From Demo to Production Firmware – Step 10: Watchdog and Last-Resort Recovery

Step 10 is about humility.
Assume everything above can fail.

After Step 9, the system is:

reliable
observable
power-aware
outage-tolerant
updatable

Step 10 adds the final safety net:

Automatic recovery when the software itself gets stuck.

This step assumes: even good code can fail in bad ways.

1. Purpose of Step 10

The watchdog answers one brutal question:

“What if the system stops making progress?”

Examples:

deadlock
infinite loop
stuck driver
memory corruption
unforeseen corner case

No amount of retry logic can fix these.

2. Watchdog Philosophy

Senior rule:

“The watchdog is not a feature.
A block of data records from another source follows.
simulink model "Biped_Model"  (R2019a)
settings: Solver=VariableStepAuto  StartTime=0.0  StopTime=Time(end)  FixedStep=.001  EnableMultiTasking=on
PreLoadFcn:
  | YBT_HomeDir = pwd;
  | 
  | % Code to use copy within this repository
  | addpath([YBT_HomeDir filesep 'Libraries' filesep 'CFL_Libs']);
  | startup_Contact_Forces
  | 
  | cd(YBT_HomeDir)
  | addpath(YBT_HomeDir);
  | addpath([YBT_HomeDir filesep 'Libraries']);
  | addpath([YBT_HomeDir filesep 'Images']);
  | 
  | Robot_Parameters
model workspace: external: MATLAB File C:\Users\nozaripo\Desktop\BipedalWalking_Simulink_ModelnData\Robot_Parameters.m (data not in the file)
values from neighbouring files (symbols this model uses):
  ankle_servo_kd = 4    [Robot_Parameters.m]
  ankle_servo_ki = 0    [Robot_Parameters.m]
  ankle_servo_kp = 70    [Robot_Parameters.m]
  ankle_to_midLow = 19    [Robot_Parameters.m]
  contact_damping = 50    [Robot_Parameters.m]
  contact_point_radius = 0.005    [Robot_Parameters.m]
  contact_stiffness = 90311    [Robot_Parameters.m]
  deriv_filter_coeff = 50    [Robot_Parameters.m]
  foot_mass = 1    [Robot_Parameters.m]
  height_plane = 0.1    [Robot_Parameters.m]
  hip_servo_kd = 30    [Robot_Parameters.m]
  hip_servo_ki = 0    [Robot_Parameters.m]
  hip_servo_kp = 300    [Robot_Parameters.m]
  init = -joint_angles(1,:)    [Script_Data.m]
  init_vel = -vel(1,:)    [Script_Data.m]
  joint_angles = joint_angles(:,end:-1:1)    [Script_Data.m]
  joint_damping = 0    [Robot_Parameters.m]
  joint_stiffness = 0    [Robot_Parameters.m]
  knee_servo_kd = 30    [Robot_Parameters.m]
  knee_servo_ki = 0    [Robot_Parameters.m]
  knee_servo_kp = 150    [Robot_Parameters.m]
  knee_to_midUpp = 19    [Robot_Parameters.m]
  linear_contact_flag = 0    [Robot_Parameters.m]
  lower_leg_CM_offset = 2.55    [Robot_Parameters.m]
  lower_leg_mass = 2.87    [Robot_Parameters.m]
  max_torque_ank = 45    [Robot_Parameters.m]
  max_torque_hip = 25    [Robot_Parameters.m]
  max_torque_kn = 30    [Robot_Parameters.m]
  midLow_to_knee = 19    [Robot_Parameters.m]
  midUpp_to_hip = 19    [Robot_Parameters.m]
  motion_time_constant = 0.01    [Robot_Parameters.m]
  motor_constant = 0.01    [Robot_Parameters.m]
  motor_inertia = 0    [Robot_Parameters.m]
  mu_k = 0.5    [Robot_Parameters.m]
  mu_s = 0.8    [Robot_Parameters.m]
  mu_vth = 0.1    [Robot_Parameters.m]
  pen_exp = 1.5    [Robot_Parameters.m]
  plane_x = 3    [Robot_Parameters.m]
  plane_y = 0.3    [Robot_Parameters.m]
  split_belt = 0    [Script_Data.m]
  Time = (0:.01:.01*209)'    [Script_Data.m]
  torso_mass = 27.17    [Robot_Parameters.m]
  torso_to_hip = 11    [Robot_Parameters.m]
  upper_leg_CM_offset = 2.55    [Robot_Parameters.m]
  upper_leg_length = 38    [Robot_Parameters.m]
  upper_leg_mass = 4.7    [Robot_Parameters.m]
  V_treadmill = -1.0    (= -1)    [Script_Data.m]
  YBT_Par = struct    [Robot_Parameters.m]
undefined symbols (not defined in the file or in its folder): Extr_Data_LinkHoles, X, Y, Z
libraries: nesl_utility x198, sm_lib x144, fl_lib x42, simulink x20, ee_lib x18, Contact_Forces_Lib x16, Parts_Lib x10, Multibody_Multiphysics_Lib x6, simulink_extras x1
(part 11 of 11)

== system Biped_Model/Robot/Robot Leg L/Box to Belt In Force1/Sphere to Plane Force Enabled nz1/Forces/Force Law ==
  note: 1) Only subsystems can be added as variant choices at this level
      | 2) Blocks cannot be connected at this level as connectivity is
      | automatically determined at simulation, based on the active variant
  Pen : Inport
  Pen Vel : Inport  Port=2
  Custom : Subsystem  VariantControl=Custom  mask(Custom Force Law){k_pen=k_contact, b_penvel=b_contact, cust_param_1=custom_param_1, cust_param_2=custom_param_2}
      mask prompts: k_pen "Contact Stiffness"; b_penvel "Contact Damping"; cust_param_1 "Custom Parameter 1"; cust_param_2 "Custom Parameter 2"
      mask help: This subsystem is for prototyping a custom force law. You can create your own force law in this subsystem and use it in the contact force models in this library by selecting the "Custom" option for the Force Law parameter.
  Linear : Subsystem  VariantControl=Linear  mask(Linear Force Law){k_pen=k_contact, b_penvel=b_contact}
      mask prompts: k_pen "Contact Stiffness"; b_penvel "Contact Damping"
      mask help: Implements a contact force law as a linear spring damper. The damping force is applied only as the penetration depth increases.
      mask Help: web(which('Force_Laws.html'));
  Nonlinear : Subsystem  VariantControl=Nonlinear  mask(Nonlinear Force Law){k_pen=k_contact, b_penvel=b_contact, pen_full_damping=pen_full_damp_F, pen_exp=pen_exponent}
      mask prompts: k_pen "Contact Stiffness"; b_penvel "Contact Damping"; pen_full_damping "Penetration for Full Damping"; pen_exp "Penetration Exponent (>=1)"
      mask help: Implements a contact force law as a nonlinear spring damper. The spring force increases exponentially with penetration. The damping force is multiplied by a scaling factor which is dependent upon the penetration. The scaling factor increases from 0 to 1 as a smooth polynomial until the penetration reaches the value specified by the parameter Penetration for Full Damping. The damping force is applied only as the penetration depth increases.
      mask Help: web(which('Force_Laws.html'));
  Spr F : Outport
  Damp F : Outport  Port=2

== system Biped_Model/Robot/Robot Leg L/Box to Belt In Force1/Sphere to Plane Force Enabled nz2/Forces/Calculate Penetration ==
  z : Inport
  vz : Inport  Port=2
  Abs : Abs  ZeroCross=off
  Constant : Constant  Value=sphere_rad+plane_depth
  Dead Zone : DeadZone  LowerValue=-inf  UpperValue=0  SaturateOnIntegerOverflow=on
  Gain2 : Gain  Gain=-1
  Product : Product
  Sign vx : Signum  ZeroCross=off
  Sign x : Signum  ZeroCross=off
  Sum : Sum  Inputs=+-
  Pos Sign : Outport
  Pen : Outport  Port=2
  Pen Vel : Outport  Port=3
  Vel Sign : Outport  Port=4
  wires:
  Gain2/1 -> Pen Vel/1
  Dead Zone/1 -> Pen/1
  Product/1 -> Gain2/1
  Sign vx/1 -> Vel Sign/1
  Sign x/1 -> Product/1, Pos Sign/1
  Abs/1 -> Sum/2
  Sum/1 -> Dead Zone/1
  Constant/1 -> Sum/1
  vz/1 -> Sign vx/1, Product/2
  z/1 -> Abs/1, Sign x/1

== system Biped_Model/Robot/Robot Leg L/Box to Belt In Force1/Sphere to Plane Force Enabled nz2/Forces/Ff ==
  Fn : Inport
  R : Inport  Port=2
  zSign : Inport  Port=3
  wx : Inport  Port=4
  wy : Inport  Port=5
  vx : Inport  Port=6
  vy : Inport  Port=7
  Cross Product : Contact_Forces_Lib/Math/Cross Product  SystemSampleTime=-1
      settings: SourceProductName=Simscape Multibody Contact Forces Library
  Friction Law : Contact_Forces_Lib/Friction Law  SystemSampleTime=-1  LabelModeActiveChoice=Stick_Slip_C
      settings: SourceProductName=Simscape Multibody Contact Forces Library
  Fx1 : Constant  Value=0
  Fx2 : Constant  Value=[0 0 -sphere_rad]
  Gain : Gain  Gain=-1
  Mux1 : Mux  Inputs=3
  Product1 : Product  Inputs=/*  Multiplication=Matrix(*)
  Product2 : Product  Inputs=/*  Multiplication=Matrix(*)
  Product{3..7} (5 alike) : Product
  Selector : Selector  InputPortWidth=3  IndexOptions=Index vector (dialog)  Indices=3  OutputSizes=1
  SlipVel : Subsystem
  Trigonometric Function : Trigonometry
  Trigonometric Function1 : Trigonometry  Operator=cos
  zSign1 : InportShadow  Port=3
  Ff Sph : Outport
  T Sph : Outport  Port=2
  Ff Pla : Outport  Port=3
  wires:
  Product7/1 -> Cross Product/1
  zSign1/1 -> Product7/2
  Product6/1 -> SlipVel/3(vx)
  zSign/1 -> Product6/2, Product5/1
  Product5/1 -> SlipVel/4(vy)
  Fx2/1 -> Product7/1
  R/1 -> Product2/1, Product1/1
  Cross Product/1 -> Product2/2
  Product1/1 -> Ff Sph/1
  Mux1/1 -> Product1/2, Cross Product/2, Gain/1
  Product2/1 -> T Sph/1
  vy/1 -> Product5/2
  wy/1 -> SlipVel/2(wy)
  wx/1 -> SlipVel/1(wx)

It is a judge.”

Key principles:

Watchdog does not understand logic
Watchdog only observes liveness
Reset is not failure; it is recovery

3. What the Watchdog Should Mean

A watchdog reset means:

“The application failed to uphold its contract of progress.”

It does NOT mean:

the device is broken
the design is wrong

It means the system protected itself.

4. Where to Feed the Watchdog (Critical)

Never feed the watchdog in callbacks or drivers.

Correct rule:

Feed the watchdog only when the system makes forward progress.

In this architecture, that means:

after successful state transitions
after SEND success
after successful WAIT completion

5. Application Context Update

struct app_ctx {
    enum app_state state;
    enum app_state recovery_state;

    uint32_t retry_count;
    k_timeout_t retry_delay;
    int last_error;

    struct sample_buffer samples;

    bool progress_made;

    struct mcp9808_ctx sensor;
    struct net_ctx net;
    struct http_ctx http;
};

progress_made is a logical signal, not hardware-specific.

6. Defining “Progress”

Progress means:

State changes
Successful SEND
Completion of WAIT
Successful SENSOR_INIT
Successful NET_INIT

Progress does NOT mean:

looping
retrying without delay
logging

7. Feeding the Watchdog (Conceptual)

if (ctx->progress_made) {
    watchdog_feed();
    ctx->progress_made = false;
}

This check happens once per main loop iteration.

8. Timeout Selection

Watchdog timeout must be:

Longer than the longest valid blocking operation
Shorter than “forever”

Example:

HTTP timeout: 30s
DNS timeout: 10s
Watchdog: 60–90s

This ensures:

real hangs trigger reset
slow networks do not

9. Interaction with WAIT and Power Management

Important rule:

Do not feed the watchdog before long sleeps.

Correct behavior:

Feed watchdog
Enter WAIT sleep
Wake up
Feed again after progress

This ensures sleep itself is not mistaken for a hang.

10. Handling Reset After Watchdog

On boot:

MCUboot runs first
Application starts fresh
State = BOOT

Optional:

Persist reset reason
Log “watchdog reset”

The system treats reset as recovery, not error.

11. Logging Watchdog Events

Log sparingly:

Watchdog started
Watchdog fed (DEBUG only)
Reset detected

Example:

Reset reason: watchdog

12. What Step 10 Deliberately Avoids

Feeding watchdog everywhere
Multiple watchdogs
Complex health metrics

The watchdog must remain simple and strict.

13. Success Criteria for Step 10

Step 10 is complete when:

System resets on true hangs
Normal slow operations do not trigger resets
Watchdog logic is explainable
Reset is safe and recoverable

14. Architectural Status After Step 10

After Step 10, the device has:

graceful failure handling
controlled retries
safe self-reset

This is production-hardened firmware.

15. Final Note

The watchdog is the last safety net.

If it ever triggers:

the system did its job
not everything went wrong

That mindset is critical in production systems.